Adrian nous accueille. Il déclare que nous mangerons chez lui mais nous installe dans une autre maison à l’écart. Beau portail, façade jaune repeinte à neuf. La cour n’est pas pimpante, toute couverte d’herbes. Les briques de la maison sont à nu. La cuisine est meublée d’éléments modernes sauf qu’il manque le principal : la cuisinière ! La grande salle a trois lits modernes anachroniques dans un décor ancien : tapis anciens, tissus brodés, ancienne suspension poutres soutenant des planches à peine équarries. On se croirait dans un éco-musée. Pour ajouter à la bizarrerie, il y a des prises électriques partout, un frigo et même une bouilloire électrique mais pas de courant.
Après notre séjour chez Ana nous sommes devenues difficiles. Après tout, nous n’étions pas partie en Roumanie pour des vacances de luxe ! Voici la version spartiate « chez l’habitant ». Notre moral en prend un coup. Imaginions-nous que nos allions faire des découvertes gastronomiques dans une cour bordée de géraniums pendant tout le mois de Juillet ?

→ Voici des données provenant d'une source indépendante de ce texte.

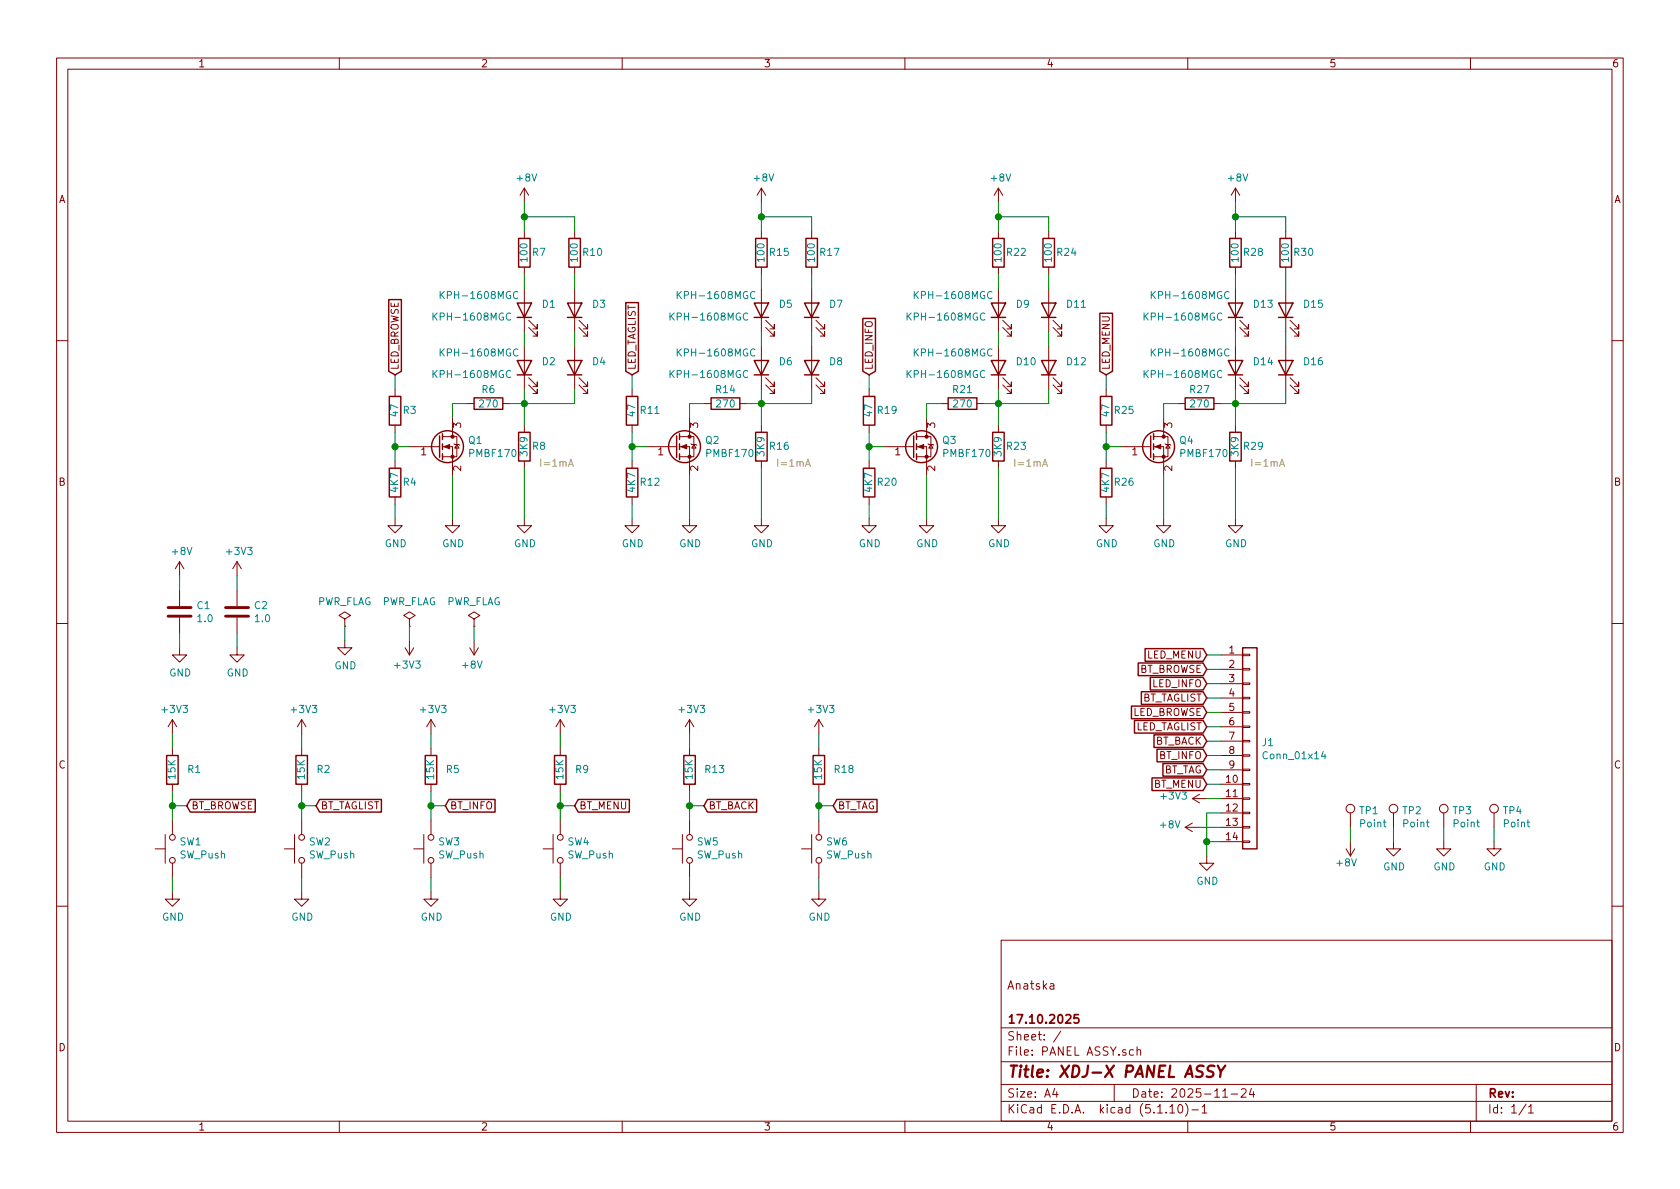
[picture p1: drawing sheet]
<svg xmlns="http://www.w3.org/2000/svg" width="297mm" height="210mm" viewBox="0 0 297 210" stroke-linecap="round" stroke-linejoin="round" font-family="sans-serif">
<g fill="none" stroke="#840000" stroke-width=".18">
<path d="M10 10.3h277v189.9h-277zM12 12.2h273v186.1h-273zM60 10.3v1.9M110 10.3v1.9M160 10.3v1.9M210 10.3v1.9M260 10.3v1.9M92.7 33.3v2.5M92.7 33.3l-.8 1.2M92.7 33.3l.8 1.2M134.6 33.3v2.5M134.6 33.3l-.7 1.2"/>
<path d="M134.6 33.3l.8 1.2M176.5 33.3v2.5M176.5 33.3l-.7 1.2M176.5 33.3l.8 1.2M218.4 33.3v2.5M218.4 33.3l-.7 1.2M218.4 33.3l.8 1.2M92.7 40.9v1.3M92.7 47.2v1.3M92.7 51v7.7M93.5 57.9l1.5 1.5v-.7v.7h-.8M93.5 56.6l1.5 1.6v-.8v.8h-.8"/>
<path d="M101.6 40.9v1.3M101.6 47.2v1.3M101.6 51v7.7M102.4 57.9l1.5 1.5v-.7v.7h-.8M102.4 56.6l1.5 1.6v-.8v.8h-.8M134.6 40.9v1.3M134.6 47.2v1.3M134.6 51v7.7M135.4 57.9l1.5 1.5v-.7v.7h-.8M135.4 56.6l1.5 1.6v-.8v.8h-.8M143.5 40.9v1.3M143.5 47.2v1.3"/>
<path d="M143.5 51v7.7M144.3 57.9l1.5 1.5v-.7v.7h-.8M144.3 56.6l1.5 1.6v-.8v.8h-.8M176.5 40.9v1.3M176.5 47.2v1.3M176.5 51v7.7M177.3 57.9l1.5 1.5v-.7v.7h-.7M177.3 56.6l1.5 1.6v-.8v.8h-.7M185.4 40.9v1.3M185.4 47.2v1.3M185.4 51v7.7M186.2 57.9l1.5 1.5v-.7v.7h-.8"/>
<path d="M186.2 56.6l1.5 1.6v-.8v.8h-.8M218.4 40.9v1.3M218.4 47.2v1.3M218.4 51v7.7M219.2 57.9l1.5 1.5v-.7v.7h-.7M219.2 56.6l1.5 1.6v-.8v.8h-.7M227.3 40.9v1.3M227.3 47.2v1.3M227.3 51v7.7M228.1 57.9l1.5 1.5v-.7v.7h-.7M228.1 56.6l1.5 1.6v-.8v.8h-.7M10 60.2h2"/>
<path d="M69.8 68.8v1.3M69.8 75.2v1.2M72.4 79h5.1M77.5 79h.2M78.2 79h1.8v5.1M78.2 77.2h1.8M80 77.2h.8v3.6h-2.6M80 73.9v3.3M80.3 78.5l.1 .1h.8l.1 .1M80.8 78.6l.4 .6h-.8zM82.5 71.4h1.3M88.9 71.4h1.3"/>
<path d="M92.7 61.2v7.6M92.7 75.2v1.2M93.5 68.1l1.5 1.5v-.8v.8h-.8M93.5 66.8l1.5 1.5v-.7v.7h-.8M101.6 61.2v7.6M102.4 68.1l1.5 1.5v-.8v.8h-.8M102.4 66.8l1.5 1.5v-.7v.7h-.8M111.8 68.8v1.3M111.8 75.2v1.2M114.3 79h5.1M119.4 79h.2M120.1 79h1.8v5.1"/>
<path d="M120.1 77.2h1.8M121.9 77.2h.8v3.6h-2.6M121.9 73.9v3.3M122.2 78.5l.1 .1h.8l.1 .1M122.7 78.6l.4 .6h-.8zM124.5 71.4h1.2M130.8 71.4h1.3M134.6 61.2v7.6M134.6 75.2v1.2M135.4 68.1l1.5 1.5v-.8v.8h-.8M135.4 66.8l1.5 1.5v-.7v.7h-.8M143.5 61.2v7.6"/>
<path d="M144.3 68.1l1.5 1.5v-.8v.8h-.8M144.3 66.8l1.5 1.5v-.7v.7h-.8M153.7 68.8v1.3M153.7 75.2v1.2M156.2 79h5.1M161.3 79h.2M162.1 79h1.7v5.1M162.1 77.2h1.7M163.8 77.2h.8v3.6h-2.5M163.8 73.9v3.3M164.1 78.5l.1 .1h.8l.1 .1M164.6 78.6l.4 .6h-.8z"/>
<path d="M166.4 71.4h1.2M172.7 71.4h1.3M176.5 61.2v7.6M176.5 75.2v1.2M177.3 68.1l1.5 1.5v-.8v.8h-.7M177.3 66.8l1.5 1.5v-.7v.7h-.7M185.4 61.2v7.6M186.2 68.1l1.5 1.5v-.8v.8h-.8M186.2 66.8l1.5 1.5v-.7v.7h-.8M195.6 68.8v1.3M195.6 75.2v1.2M198.1 79h5.1"/>
<path d="M203.3 79h.2M204 79h1.7v5.1M204 77.2h1.7M205.7 77.2h.8v3.6h-2.5M205.7 73.9v3.3M206 78.5l.1 .1h.8l.1 .1M206.5 78.6l.4 .6h-.8zM208.3 71.4h1.2M214.6 71.4h1.3M218.4 61.2v7.6M218.4 75.2v1.2M219.2 68.1l1.5 1.5v-.8v.8h-.7"/>
<path d="M219.2 66.8l1.5 1.5v-.7v.7h-.7M227.3 61.2v7.6M228.1 68.1l1.5 1.5v-.8v.8h-.7M228.1 66.8l1.5 1.5v-.7v.7h-.7M285 60.2h2M31.7 99.3v2.5M31.7 99.3l-.7 1.3M31.7 99.3l.8 1.3M41.9 99.3v2.5M41.9 99.3l-.8 1.3M41.9 99.3l.8 1.3M69.8 91.7v1.3h1.3l-1.3 1.2-1.2-1.2h1.2"/>
<path d="M69.8 81.5v1.3M69.8 87.9v1.2M80 91.7v1.3h1.3l-1.3 1.2-1.3-1.2h1.3M92.7 91.7v1.3h1.3l-1.3 1.2-1.3-1.2h1.3M92.7 81.5v1.3M111.8 91.7v1.3h1.2l-1.2 1.2-1.3-1.2h1.3M111.8 81.5v1.3M111.8 87.9v1.2M121.9 91.7v1.3h1.3l-1.3 1.2-1.3-1.2h1.3M134.6 91.7v1.3h1.3l-1.3 1.2-1.3-1.2h1.3M134.6 81.5v1.3M153.7 91.7v1.3h1.2l-1.2 1.2-1.3-1.2h1.3"/>
<path d="M153.7 81.5v1.3M153.7 87.9v1.2M163.8 91.7v1.3h1.3l-1.3 1.2-1.2-1.2h1.2M176.5 91.7v1.3h1.3l-1.3 1.2-1.2-1.2h1.2M176.5 81.5v1.3M195.6 91.7v1.3h1.2l-1.2 1.2-1.3-1.2h1.3M195.6 81.5v1.3M195.6 87.9v1.2M205.7 91.7v1.3h1.3l-1.3 1.2-1.2-1.2h1.2M218.4 91.7v1.3h1.3l-1.3 1.2-1.2-1.2h1.2M218.4 81.5v1.3M10 110.3h2"/>
<path d="M31.7 114.5v1.3h1.3l-1.3 1.3-1.2-1.3h1.2M31.7 104.4v2.8M31.7 109.2v2.8M41.9 114.5v1.3h1.3l-1.3 1.3-1.3-1.3h1.3M41.9 104.4v2.8M41.9 109.2v2.8M61 109.5l1-.7-1-.6-1.1 .6 1.1 .7v1.2M61 110.7h.1M61 113.3v1.2h1.2l-1.2 1.3-1.3-1.3h1.3M71.6 114.5l.8 1.3M72.4 109.5l1-.7-1-.6-1 .6 1 .7v1.2M72.4 110.7h.1"/>
<path d="M72.4 113.3v2.5M73.2 114.5l-.8 1.3M83.1 114.5l.7 1.3M83.8 109.5l1-.7-1-.6-1 .6 1 .7v1.2M83.8 110.7h.1M83.8 113.3v2.5M84.6 114.5l-.8 1.3M215.9 115.8h3.8M215.9 118.4h3.8M219.7 118.2h1.3v.3h-1.3zM219.7 115.7h1.3v.2h-1.3zM285 110.3h2"/>
<path d="M30.5 127.2v2.6M30.5 132.3v1.3M30.5 138.7v1.2M30.5 127.2l-.8 1.3M30.5 127.2l.7 1.3M53.3 127.2v2.6M53.3 132.3v1.3M53.3 138.7v1.2M53.3 127.2l-.7 1.3M53.3 127.2l.8 1.3M76.2 127.2v2.6M76.2 132.3v1.3"/>
<path d="M76.2 138.7v1.2M76.2 127.2l-.8 1.3M76.2 127.2l.8 1.3M99.1 127.2l-.8 1.3M99.1 127.2v2.6M99.1 132.3v1.3M99.1 138.7v1.2M99.1 127.2l.7 1.3M121.9 127.2l-.7 1.3M121.9 127.2v2.6M121.9 132.3v1.3M121.9 138.7v1.2"/>
<path d="M121.9 127.2l.8 1.3M144.8 127.2l-.8 1.3M144.8 127.2v2.6M144.8 132.3v1.3M144.8 138.7v1.2M144.8 127.2l.7 1.3M215.9 138.7h3.8M215.9 120.9h3.8M215.9 123.4h3.8M215.9 126h3.8M215.9 128.5h3.8M215.9 131.1h3.8"/>
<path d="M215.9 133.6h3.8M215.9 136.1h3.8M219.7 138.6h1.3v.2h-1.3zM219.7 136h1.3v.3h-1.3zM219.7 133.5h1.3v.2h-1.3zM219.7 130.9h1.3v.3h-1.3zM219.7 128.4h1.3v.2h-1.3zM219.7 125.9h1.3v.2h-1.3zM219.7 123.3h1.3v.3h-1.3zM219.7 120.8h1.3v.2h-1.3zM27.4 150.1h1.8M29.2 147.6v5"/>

Nous avons visité quatre citadelles aujourd’hui et nous avons besoin d’une pause au calme pour feuilleter la documentation, trouver des repères historiques. Depuis notre arrivée en Roumanie les visites s’enchaînent sans que j’aie le temps de lire les guides. L’absence d’électricité est un peu déprimante. Ce défi à la modernité m’amuserait plutôt, n’était-ce le chargement des appareils-photos !
Je retourne chez Adrian porter de la lessive. En route j’observe les façades. Certaines sont lézardées. Un séisme a-t-il chassé les habitants ? Le village paraît vide, l’est-il vraiment ? Les électriciens s’affairent sur les câbles en plusieurs endroits : que s’est-il passé ?
Au dîner, Elena apporte un bouillon très léger dans lequel trempe une quenelle mousseuse, légère, délicieuse et où flottent des oignons finement ciselés. Je la complimente et lui demande la recette de la quenelle. Elle revient avec de la semoule fine (gries) qu’elle bat avec un œuf. La salade de chou vert est accompagnée de beignets de courgettes et de soja ainsi que de riz mélangé avec des carottes et des poivrons. Dîner végétarien ? Elena revient avec un délicieux gâteau aux noix et me tient compagnie. Son plus jeune fils (7 ans) va à l’école dans un village des environs. Nous connaissons déjà son aîné Alex qui conduit le tracteur et qui aide son père à faucher les herbes, il est scolarisé à Brasov à plus de 50 km.
je demande ce qui est arrivé au village :
-« y a-t-il eu un séisme ? »
Elle me regarde étonnée.
– « C’est un village saxon. Après la chute de Ceausescu tous sont partis en Allemagne. Il ne reste plus que cinq familles allemandes. Les Roms se sont installés dans les maisons vides. »
Le village n’est donc pas désert. Mais les Roms l’occupent à leur manière.
– « Ils n’aiment pas travailler », se plaint-elle.
Elle embaucherait volontiers du personnel.
– « Ils ont beaucoup d’enfants et vivent de l’aide sociale. »
Elle m’apprend aussi que le Prince Charles s’occupe du village. Sa fondation a permis de restaurer les façades. Certaines, bien peintes ressemblent à un décor de cinéma. Derrière les fenêtres ouvertes pousse la végétation.
Entretemps, Adrian a rétabli chez nous l’électricité en touchant au disjoncteur.
Quelques gouttes tombent. Nous rapprochons les chaises de la maison. Ce n’est que plus tard quand nous serons couchées que l’orage éclatera faisant à nouveau disjoncter le courant. Ironie des vacances ; c’est justement aujourd’hui que nous avons trouvé la multiprise égarée au fond du sac. Les dynamos éclairent bien quand on les remonte, le téléphone Samsung peut s’y recharger. Le Sony Ericsson se branche sur l’allume-cigare de la voiture. Au gîte, il y a un magnifique chandelier. Il faut se doucher à l’eau froide – pas grave par 32°C – restent les appareils photos numériques !
Puisque nous voilà plongées dans l‘obscurité j’arrête là mon compte-rendu et m’endors immediat.